EXERCISE AIM: Check each line of the records below for the string "GENF", then state how many lines contain it, with no other output.

DATA TO USE:

-------

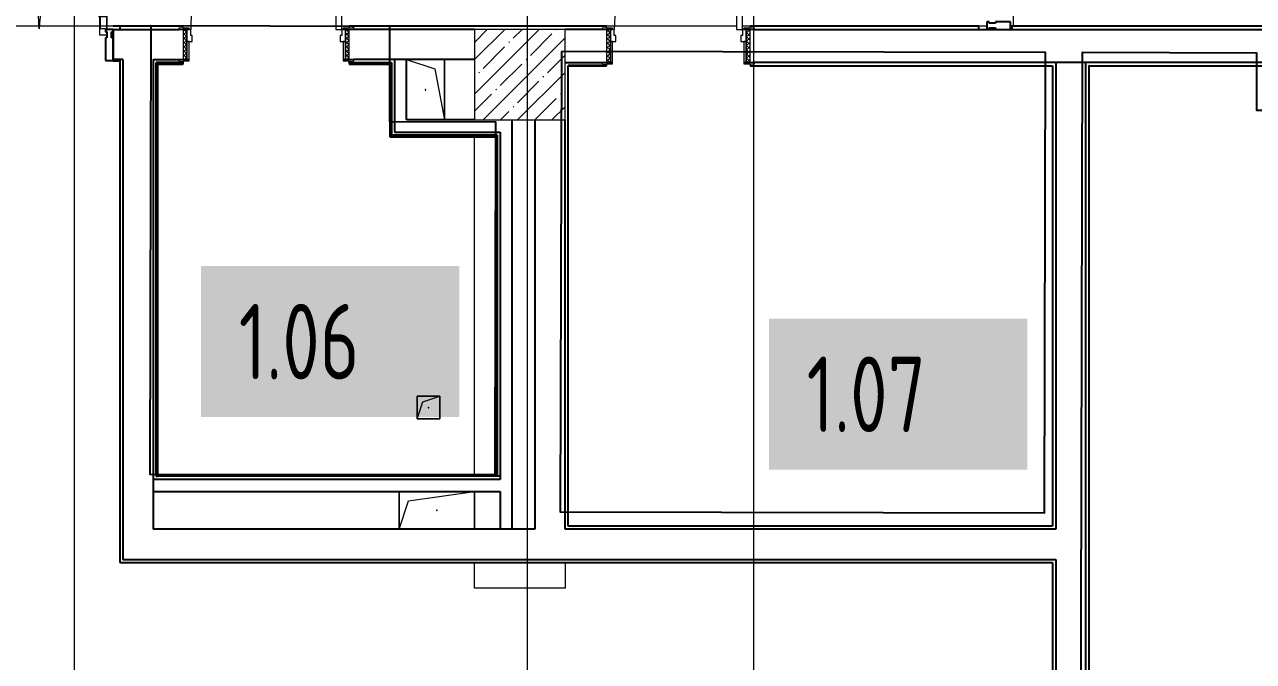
# Model space of a CAD drawing. Header units: millimetres. Extents: x 3914 to 443608, y -156176 to 78197.
# Drawn here: x 39936 to 48077, y -142398 to -138181 of the extents above; entities that cross this region are included whole.
import ezdxf

# ---------------------------------------------------------------- set-up
doc = ezdxf.new("R2010")
doc.units = ezdxf.units.MM
doc.linetypes.add('200_ШТРИХ__ш1_п0_6_', pattern=[160, 100, -60])
for name, color, linetype, lineweight in [('A-DETL-GENF', 7, 'Continuous', 9), ('A-DOOR-1', 7, 'Continuous', 5), ('A-DOOR-2', 7, '200_ШТРИХ__ш1_п0_6_', 5), ('A-DOOR-FRAM-2', 7, 'Continuous', 5), ('A-FLOR', 7, 'Continuous', 9), ('A-GENM', 7, 'Continuous', 9), ('A-GLAZ-CWMG-1', 7, 'Continuous', 25), ('S-COLS-1', 7, 'Continuous', 5), ('Оси', 7, 'Continuous', 9)]:
    doc.layers.add(name, color=color, linetype=linetype, lineweight=lineweight)
doc.layers.add('A-DOOR-FRAM-1', color=7, linetype='Continuous', lineweight=5, true_color=0xc0c0c0)
doc.styles.add('СПДС', font='ГОСТ тип А.ttf', dxfattribs={"width": 0.9})

# ---------------------------------------------------------------- blocks, each defined once
blk = doc.blocks.new('Прямоугольный импост - Импост структурный с накладкой - 160мм Темный-30756008-Объем проектирования 1 этажа')
at = {"layer": 'A-GLAZ-CWMG-1'}
for p, q in [((-50, 0), (-50, 17)), ((-50, 17), (0, 17)), ((-40, 0), (-50, 0)), ((-40, -40), (-40, 0)), ((0, 0), (-10, 0)), ((-10, 0), (-10, -40)), ((0, 17), (0, 0)), ((-50, -140), (-50, -40)), ((-50, -40), (-40, -40)), ((-10, -40), (0, -40)), ((0, -40), (0, -140)), ((0, -140), (-50, -140))]:
    blk.add_line(p, q, dxfattribs=at)
blk = doc.blocks.new('GM_Отверстие прямоугольное _в плите_ - Отверстие-21608348-Объем проектирования 1 этажа')
at = {"layer": 'A-GENM'}
for p, q in [((-250, -125), (-250, 125)), ((-250, 125), (-250, -125)), ((-187.5, 62.5), (250, 125)), ((250, 125), (250, -125)), ((250, -125), (250, 125)), ((-250, -125), (-187.5, 62.5))]:
    blk.add_line(p, q, dxfattribs=at)
for start, end in [(360, 180), (180, 360)]:
    blk.add_arc((0, 0), 2.5, start, end, dxfattribs=at)
blk = doc.blocks.new('GM_Отверстие прямоугольное _в плите_ - Отверстие-23794751-Объем проектирования 1 этажа')
at = {"layer": 'A-GENM'}
for p, q in [((-75, -75), (-75, 75)), ((-75, 75), (75, 75)), ((75, 75), (-75, 75)), ((-75, 75), (-75, -75)), ((-75, -75), (-37.5, 37.5)), ((-37.5, 37.5), (75, 75)), ((75, 75), (75, -75)), ((75, -75), (75, 75)), ((75, -75), (-75, -75)), ((-75, -75), (75, -75))]:
    blk.add_line(p, q, dxfattribs=at)
for start, end in [(360, 180), (180, 360)]:
    blk.add_arc((0, 0), 2.5, start, end, dxfattribs=at)
blk = doc.blocks.new('GM_Отверстие прямоугольное _в плите_ - Отверстие-V115-Объем проектирования 1 этажа')
at = {"layer": 'A-GENM'}
for p, q in [((-200, 125), (200, 125)), ((200, 125), (-200, 125)), ((-137.5, 62.5), (200, 125)), ((-200, -125), (-137.5, 62.5))]:
    blk.add_line(p, q, dxfattribs=at)
for start, end in [(360, 180), (180, 360)]:
    blk.add_arc((0, 0), 2.5, start, end, dxfattribs=at)
blk = doc.blocks.new('BSC_Колонна _Прямоугольная - 600х600-V186-Объем проектирования 1 этажа')
at = {"layer": 'S-COLS-1'}
h = blk.add_hatch(dxfattribs=at)
h.set_pattern_fill('FP_176', color=256, style=0, pattern_type=2)
h.set_pattern_definition([(45, (-16960, -7600), (-114.0493, 114.0493), []), (45, (-16845.95, -7600), (-114.0493, 114.0493), [201.612, -40.322, 6.706, -33.617])])
h.paths.add_polyline_path([(100, -300), (300, -300), (300, 300), (-300, 300), (-300, -300)])
for p, q in [((300, 300), (-300, 300)), ((-300, 300), (-300, -300)), ((300, -300), (300, 300)), ((-300, -300), (300, -300))]:
    blk.add_line(p, q, dxfattribs=at)
blk = doc.blocks.new('110_Дверь_СКБ_1Ст_Внутренняя1 - Д-7_л__950x2100h_Туалет-V200-Объем проектирования 1 этажа')
at = {"layer": 'A-DOOR-2'}
h = blk.add_hatch(dxfattribs=at)
h.set_pattern_fill('FP_88', color=256, style=0, pattern_type=2)
h.set_pattern_definition([(135, (1826.41, 174.685), (-14.14214, -14.14214), []), (225, (1826.41, 174.685), (14.14214, -14.14214), [])])
h.paths.add_polyline_path([(462.5, -110), (487.5, -110), (487.5, 110), (462.5, 109.7), (462.5, -109.8)])
at = {"layer": 'A-DOOR-FRAM-2'}
h = blk.add_hatch(dxfattribs=at)
h.set_pattern_fill('FP_89', color=256, style=0, pattern_type=2)
h.set_pattern_definition([(45, (-296.384, 174.685), (-14.1421, 14.1421), []), (135, (-296.384, 174.685), (-14.1421, -14.1421), [])])
h.paths.add_polyline_path([(-462.5, -110), (-437.5, -110), (-437.5, 110), (-462.5, 110)])
at = {"layer": 'A-DOOR-1'}
for p, q in [((437.5, 960), (397.5, 960)), ((397.5, 960), (397.5, 110)), ((437.5, 110), (437.5, 960)), ((397.5, 110), (437.5, 110))]:
    blk.add_line(p, q, dxfattribs=at)
blk.add_arc((437.5, 110), 850, 90, 180, dxfattribs=at)
at = {"layer": 'A-DOOR-FRAM-1'}
for p, q in [((-422.5, 118), (-492.5, 118)), ((-492.5, 118), (-492.5, 110)), ((-492.5, 110), (-422.5, 110)), ((-437.5, 110), (-462.5, 110)), ((-462.5, 110), (-462.5, -110)), ((-412.5, 110), (-437.5, 110)), ((-437.5, 110), (-437.5, 30)), ((-437.5, -110), (-437.5, 110)), ((-422.5, 110), (-437.5, 110)), ((-437.5, 110), (-437.5, 109)), ((-437.5, 109), (-422.5, 109)), ((-422.5, 110), (-422.5, 118)), ((-422.5, 109), (-422.5, 110)), ((-412.5, 70), (-412.5, 110)), ((437.5, 110), (437.5, 70)), ((462.5, 110), (437.5, 110)), ((517.5, 118), (447.5, 118)), ((447.5, 118), (447.5, 110)), ((462.5, 110), (447.5, 110)), ((447.5, 110), (447.5, 109)), ((447.5, 110), (517.5, 110)), ((447.5, 109), (462.5, 109)), ((462.5, 30), (462.5, 110)), ((487.5, 110), (462.5, 110)), ((462.5, 110), (462.5, -110)), ((462.5, 109), (462.5, 110)), ((487.5, -110), (487.5, 110)), ((517.5, 110), (517.5, 118)), ((-437.5, 30), (-402.5, 30)), ((-422.5, 30), (-437.5, 30)), ((-437.5, 30), (-437.5, -110)), ((-422.5, -110), (-422.5, 30)), ((-402.5, 70), (-412.5, 70)), ((-402.5, 30), (-402.5, 70)), ((437.5, 70), (427.5, 70)), ((427.5, 70), (427.5, 30)), ((427.5, 30), (462.5, 30)), ((462.5, 30), (447.5, 30)), ((447.5, 30), (447.5, -110)), ((462.5, -110), (462.5, 30)), ((-422.5, -110), (-492.5, -110)), ((-492.5, -110), (-492.5, -118)), ((-492.5, -118), (-422.5, -118)), ((-462.5, -110), (-437.5, -110)), ((-437.5, -110), (-422.5, -110)), ((-422.5, -118), (-422.5, -110)), ((447.5, -110), (462.5, -110)), ((517.5, -110), (447.5, -110)), ((447.5, -110), (447.5, -118)), ((447.5, -118), (517.5, -118)), ((462.5, -110), (487.5, -110)), ((517.5, -118), (517.5, -110))]:
    blk.add_line(p, q, dxfattribs=at)
blk = doc.blocks.new('110_Дверь_СКБ_1Ст_Внутренняя1 - Д-4 1100x2100h_су мгн-31800557-Объем проектирования 1 этажа')
at = {"layer": 'A-DOOR-2'}
h = blk.add_hatch(dxfattribs=at)
h.set_pattern_fill('FP_75', color=256, style=0, pattern_type=2)
h.set_pattern_definition([(135, (1751.41, 164.685), (-14.14214, -14.14214), []), (225, (1751.41, 164.685), (14.14214, -14.14214), [])])
h.paths.add_polyline_path([(562.5, 100), (537.5, 100), (537.5, -100), (562.5, -100)])
at = {"layer": 'A-DOOR-FRAM-2'}
h = blk.add_hatch(dxfattribs=at)
h.set_pattern_fill('FP_76', color=256, style=0, pattern_type=2)
h.set_pattern_definition([(45, (-371.384, 164.685), (-14.1421, 14.1421), []), (135, (-371.384, 164.685), (-14.1421, -14.1421), [])])
h.paths.add_polyline_path([(-512.5, 100), (-537.5, 100), (-537.5, -100), (-512.5, -99.3)])
at = {"layer": 'A-DOOR-1'}
for p, q in [((512.5, 1100), (472.5, 1100)), ((472.5, 1100), (472.5, 100)), ((512.5, 100), (512.5, 1100)), ((472.5, 100), (512.5, 100))]:
    blk.add_line(p, q, dxfattribs=at)
blk.add_arc((512.5, 100), 1000, 90, 180, dxfattribs=at)
at = {"layer": 'A-DOOR-FRAM-1'}
for p, q in [((-497.5, 108), (-567.5, 108)), ((-567.5, 108), (-567.5, 100)), ((-567.5, 100), (-497.5, 100)), ((-512.5, 100), (-537.5, 100)), ((-537.5, 100), (-537.5, -100)), ((-487.5, 100), (-512.5, 100)), ((-512.5, 100), (-512.5, 20)), ((-512.5, -100), (-512.5, 100)), ((-497.5, 100), (-512.5, 100)), ((-512.5, 100), (-512.5, 99)), ((-512.5, 99), (-497.5, 99)), ((-497.5, 100), (-497.5, 108)), ((-497.5, 99), (-497.5, 100)), ((-487.5, 60), (-487.5, 100)), ((512.5, 100), (512.5, 60)), ((537.5, 100), (512.5, 100)), ((592.5, 108), (522.5, 108)), ((522.5, 108), (522.5, 100)), ((537.5, 100), (522.5, 100)), ((522.5, 100), (522.5, 99)), ((522.5, 100), (592.5, 100)), ((522.5, 99), (537.5, 99)), ((537.5, 20), (537.5, 100)), ((562.5, 100), (537.5, 100)), ((537.5, 100), (537.5, -100)), ((537.5, 99), (537.5, 100)), ((562.5, -100), (562.5, 100)), ((592.5, 100), (592.5, 108)), ((-512.5, 20), (-477.5, 20)), ((-497.5, 20), (-512.5, 20)), ((-512.5, 20), (-512.5, -100)), ((-497.5, -100), (-497.5, 20)), ((-477.5, 60), (-487.5, 60)), ((-477.5, 20), (-477.5, 60)), ((512.5, 60), (502.5, 60)), ((502.5, 60), (502.5, 20)), ((502.5, 20), (537.5, 20)), ((537.5, 20), (522.5, 20)), ((522.5, 20), (522.5, -100)), ((537.5, -100), (537.5, 20)), ((-497.5, -100), (-567.5, -100)), ((-567.5, -100), (-567.5, -108)), ((-567.5, -108), (-497.5, -108)), ((-537.5, -100), (-512.5, -100)), ((-512.5, -100), (-497.5, -100)), ((-497.5, -108), (-497.5, -100)), ((522.5, -100), (537.5, -100)), ((592.5, -100), (522.5, -100)), ((522.5, -100), (522.5, -108)), ((522.5, -108), (592.5, -108)), ((537.5, -100), (562.5, -100)), ((592.5, -108), (592.5, -100))]:
    blk.add_line(p, q, dxfattribs=at)
blk = doc.blocks.new('Прямоугольный импост - Импост структурный с накладкой - 190мм-32633035-Объем проектирования 1 этажа')
at = {"layer": 'A-GLAZ-CWMG-1'}
for p, q in [((-50, 40), (-50, 190)), ((-50, 190), (0, 190)), ((0, 190), (0, 40)), ((-40, 40), (-50, 40)), ((-50, -17), (-50, 0)), ((-50, 0), (-40, 0)), ((-40, 0), (-40, 40)), ((-10, 40), (-10, 0)), ((0, 40), (-10, 40)), ((-10, 0), (0, 0)), ((0, 0), (0, -17)), ((0, -17), (-50, -17))]:
    blk.add_line(p, q, dxfattribs=at)
blk = doc.blocks.new('Дверь_Витражная_остекление_ - ВВ-6 остекление-32633143-Объем проектирования 1 этажа')
at = {"layer": 'A-DETL-GENF'}
for p, q in [((-630, 880), (-585, 880)), ((-630, 880), (-630, 20)), ((-585, 880), (-630, 880)), ((-630, 880), (-630, 20)), ((-585, 880), (-585, 20)), ((-585, 20), (-585, 880)), ((-630, 800), (-585, 800)), ((-620, 800), (-620, 100)), ((-576, 800), (-576, 100)), ((680, 420), (635, 420)), ((635, 420), (635, 20)), ((680, 420), (635, 420)), ((635, 420), (635, 20)), ((680, 420), (680, 20)), ((680, 20), (680, 420)), ((626, 340), (626, 100)), ((680, 340), (635, 340)), ((670, 340), (670, 100)), ((-630, 100), (-585, 100)), ((680, 100), (635, 100)), ((-585, 20), (-630, 20)), ((-630, 20), (-585, 20))]:
    blk.add_line(p, q, dxfattribs=at)
at = {"layer": 'A-DOOR-1'}
for p, q in [((-630, 880), (-630, 20)), ((630, 420), (630, 20)), ((-630, 20), (-680, 20)), ((-680, 20), (-680, -20)), ((-630, -20), (-630, 20)), ((680, 20), (630, 20)), ((630, 20), (630, -20)), ((680, -20), (680, 20)), ((-680, -20), (-630, -20)), ((630, -20), (680, -20))]:
    blk.add_line(p, q, dxfattribs=at)
for centre, radius, start, end in [((-630, 20), 860, 360, 90), ((630, 20), 400, 90, 180)]:
    blk.add_arc(centre, radius, start, end, dxfattribs=at)

msp = doc.modelspace()

# ---------------------------------------------------------------- linework, layer by layer
for p, q in [((40987, -138191.7), (40522, -138191.7)), ((40522, -138191.7), (40522, -138192.7)), ((40522, -138212.7), (40522, -138412.7)), ((40522, -138212.7), (40957, -138212.7)), ((40567, -138192.7), (40567, -138212.7)), ((40987, -138192.7), (40987, -138191.7)), ((43792, -138191.7), (42087, -138191.7)), ((42087, -138191.7), (42087, -138192.7)), ((42112, -138192.7), (42112, -138204.7)), ((42917, -138212.7), (42117, -138212.7)), ((43762, -138212.7), (43517, -138212.7)), ((43792, -138192.7), (43792, -138191.7)), ((46257, -138191.7), (44742, -138191.7)), ((44742, -138191.7), (44742, -138192.7)), ((44772, -138212.7), (48167, -138212.7)), ((46257, -138192.7), (46257, -138191.7)), ((46257, -138212.7), (46257, -138192.7)), ((48767, -138191.7), (46467, -138191.7)), ((46467, -138191.7), (46467, -138192.7)), ((46467, -138192.7), (46467.3, -138192.7)), ((46477, -138192.7), (46477, -138212.7)), ((40587, -138412.7), (40522, -138412.7)), ((40567, -138419.7), (40522, -138419.7)), ((40522, -138419.7), (40522, -138420.7)), ((40522, -138420.7), (40567, -138420.7)), ((40567, -138422.7), (40566, -138422.7)), ((40566, -138422.7), (40566, -141743.7)), ((40567, -138419.7), (40567, -138698.9)), ((40587, -138412.7), (40587, -141722.7)), ((40787, -138412.7), (40957, -138412.7)), ((40787, -138412.7), (40787, -141522.7)), ((40807, -138432.7), (40807, -138432.7)), ((40807, -138432.7), (40807, -138443.7)), ((40987, -138432.7), (40807, -138432.7)), ((40807, -138443.7), (40987, -138443.7)), ((40807, -138443.7), (40807, -141172.7)), ((40808, -138433.7), (40987, -138433.7)), ((40808, -141171.7), (40808, -138433.7)), ((40818, -141172.7), (40818, -138432.7)), ((40987, -138432.7), (40987, -138420.7)), ((40987, -138443.7), (40987, -138432.7)), ((42087, -138420.7), (42087, -138432.7)), ((42087, -138432.7), (42367, -138432.7)), ((42087, -138432.7), (42087, -138443.7)), ((42087, -138433.7), (42366, -138433.7)), ((42087, -138443.7), (42367, -138443.7)), ((42917, -138412.7), (42117, -138412.7)), ((42356, -138432.7), (42356, -138923.7)), ((42366, -138433.7), (42366, -138913.7)), ((42367, -138912.7), (42367, -138432.7)), ((42387, -138412.7), (42387, -138892.7)), ((42467, -138812.7), (42467, -138412.7)), ((43517, -138432.7), (43762, -138432.7)), ((43537, -138452.7), (43538, -138452.7)), ((43792, -138452.7), (43538, -138452.7)), ((43538, -141501.7), (43538, -138453.7)), ((43538, -138453.7), (43792, -138453.7)), ((43792, -138452.7), (43792, -138440.7)), ((43792, -138453.7), (43792, -138452.7)), ((44742, -138452.7), (44742, -138453.7)), ((44742, -138453.7), (46746, -138453.7)), ((48167, -138432.7), (44772, -138432.7)), ((46746, -138452.7), (46747, -138452.7)), ((46746, -138453.7), (46746, -141501.7)), ((46767, -138432.7), (46767, -141522.7)), ((46967, -146362.7), (46967, -138432.7)), ((46987, -138453.7), (46987, -138452.7)), ((46988, -138453.7), (46987, -138453.7)), ((46988, -138453.7), (48146, -138453.7)), ((46988, -145971.7), (46988, -138453.7)), ((40567, -138700.1), (40567, -138698.9)), ((42917, -138812.7), (42467, -138812.7)), ((43167, -141522.7), (43167, -138812.7)), ((43317, -138812.7), (43317, -141522.7)), ((43517, -141522.7), (43517, -138812.7)), ((42356, -138923.7), (43067, -138923.7)), ((42366, -138913.7), (43066, -138913.7)), ((43056, -138912.7), (42367, -138912.7)), ((42367, -138923.7), (42367, -138912.7)), ((42387, -138892.7), (43087, -138892.7)), ((43066, -138912.7), (43056, -138912.7)), ((43056, -138912.7), (43056, -141172.7)), ((43067, -138912.7), (43066, -138912.7)), ((43066, -138913.7), (43066, -141171.7)), ((43067, -138912.7), (43067, -141161.7)), ((43087, -138892.7), (43087, -141192.7)), ((43067, -141161.7), (40807, -141161.7)), ((43067, -141171.7), (43067, -141161.7)), ((43087, -141192.7), (40787, -141192.7)), ((40807, -141172.7), (40818, -141172.7)), ((43066, -141171.7), (40808, -141171.7)), ((43087, -141172.7), (40818, -141172.7)), ((43067, -141172.7), (43067, -141171.7)), ((40787, -141272.7), (43087, -141272.7)), ((43087, -141272.7), (43087, -141522.7)), ((43317, -141522.7), (40787, -141522.7)), ((46767, -141522.7), (43517, -141522.7)), ((43538, -141502.7), (43537, -141502.7)), ((46746, -141501.7), (43538, -141501.7)), ((46747, -141501.7), (46747, -141502.7)), ((40587, -141722.7), (46767, -141722.7)), ((46767, -141722.7), (46767, -146012.7)), ((40566, -141743.7), (46746, -141743.7)), ((46746, -141742.7), (46747, -141742.7)), ((46746, -141743.7), (46746, -145971.7))]:
    msp.add_line(p, q)
at = {"flags": 128}
for points in [[(42356.6, -138193.2), (40772.2, -138189.6), (40765.9, -141159.1), (43053.4, -141164.4), (43058.7, -138827.7), (42355.4, -138826)], [(43492.2, -138358.8), (43485.1, -141406.8), (46693, -141414.3), (46700.2, -138366.3)], [(53750.2, -138382.9), (52392.2, -138379.7), (52390.6, -139069.7), (51198.6, -139066.9), (51200.2, -138356.9), (48742.2, -138351.1), (48741.3, -138751.1), (48099.3, -138749.6), (48100.2, -138369.6), (46942.2, -138366.9), (46924.5, -145884.9), (48082.5, -145887.6), (48083.4, -145507.6), (48850.4, -145509.4), (48849.5, -145889.4), (51732.5, -145896.2), (51733.4, -145516.2), (52623.9, -145518.3), (52623, -145898.3), (55382.3, -145904.7), (55383.2, -145524.7), (55583.2, -145525.2), (55598.3, -139084.2), (53748.5, -139079.9)]]:
    msp.add_lwpolyline(points, close=True, dxfattribs=at)
at = {"layer": 'A-FLOR'}
for p, q in [((46487, -138192.7), (46487, -134232.7)), ((41997, -138192.7), (29250.2, -138192.7)), ((40567, -138192.7), (40567, -138212.7)), ((40987, -138204.7), (40987, -138192.7)), ((44652, -138192.7), (42037, -138192.7)), ((42087, -138192.7), (42087, -138204.7)), ((43792, -138204.7), (43792, -138192.7)), ((46310.3, -138192.7), (44692, -138192.7)), ((44742, -138192.7), (44742, -138204.7)), ((46467.3, -138192.7), (56467, -138192.7)), ((40567, -138412.7), (40567, -138419.7)), ((40567, -138420.7), (40567, -138698.9)), ((43537, -141502.7), (43537, -138452.7)), ((44742, -138440.7), (44742, -138452.7)), ((44742, -138452.7), (46746, -138452.7)), ((46747, -138452.7), (46747, -141501.7)), ((46987, -138452.7), (48146, -138452.7)), ((46987, -145972.7), (46987, -138453.7)), ((40567, -138700.1), (40567, -141742.7)), ((42917, -141161.7), (42917, -138923.7)), ((42917, -141522.7), (42917, -141272.7)), ((46747, -141502.7), (43538, -141502.7)), ((40567, -141742.7), (46746, -141742.7)), ((42917, -141912.7), (42917, -141742.7)), ((43517, -141742.7), (43517, -141912.7)), ((46747, -141742.7), (46747, -145590)), ((43517, -141912.7), (42917, -141912.7))]:
    msp.add_line(p, q, dxfattribs=at)
at = {"layer": 'Оси'}
for points in [[(40267, -148019), (40267, -143019), (40267, -123714.7), (40267, -118714.7)], [(43267, -148019), (43267, -143019), (43267, -123714.7), (43267, -118714.7)], [(44767, -148019), (44767, -143019), (44767, -123714.7), (44767, -118714.7)]]:
    msp.add_lwpolyline(points, dxfattribs=at)

# ---------------------------------------------------------------- block references
for name, p in [('110_Дверь_СКБ_1Ст_Внутренняя1 - Д-4 1100x2100h_су мгн-31800557-Объем проектирования 1 этажа', (41524.5, -138312.7)), ('Дверь_Витражная_остекление_ - ВВ-6 остекление-32633143-Объем проектирования 1 этажа', (39802, -138229.7)), ('110_Дверь_СКБ_1Ст_Внутренняя1 - Д-7_л__950x2100h_Туалет-V200-Объем проектирования 1 этажа', (44254.5, -138322.7)), ('BSC_Колонна _Прямоугольная - 600х600-V186-Объем проектирования 1 этажа', (43217, -138512.7)), ('GM_Отверстие прямоугольное _в плите_ - Отверстие-23794751-Объем проектирования 1 этажа', (42612, -140717.7)), ('GM_Отверстие прямоугольное _в плите_ - Отверстие-21608348-Объем проектирования 1 этажа', (42667, -141397.7))]:
    msp.add_blockref(name, p)
at = {"extrusion": (0, 0, -1)}
for name, p, rotation in [('Прямоугольный импост - Импост структурный с накладкой - 190мм-32633035-Объем проектирования 1 этажа', (-40522, -138229.7), 180), ('Прямоугольный импост - Импост структурный с накладкой - 160мм Темный-30756008-Объем проектирования 1 этажа', (-46327.3, -138212.7), 270.0000000000001)]:
    msp.add_blockref(name, p, dxfattribs=dict(at, rotation=rotation))
at = {"rotation": 270.0000000000001}
msp.add_blockref('GM_Отверстие прямоугольное _в плите_ - Отверстие-V115-Объем проектирования 1 этажа', (42592, -138612.7), dxfattribs=at)

# ---------------------------------------------------------------- texts
at = {"char_height": 500, "width": 1212.151, "attachment_point": 1, "style": 'СПДС', "bg_fill": 1, "box_fill_scale": 1.5, "bg_fill_color": 7, "bg_fill_true_color": 16777215, "bg_fill_transparency": 0}
for s, insert in [('1.06', (41354.9, -140030.7)), ('1.07', (45116.7, -140379.6))]:
    msp.add_mtext(s, dxfattribs=dict(at, insert=insert))

doc.saveas('drawing.dxf')

-------

FINISHED TASK: 2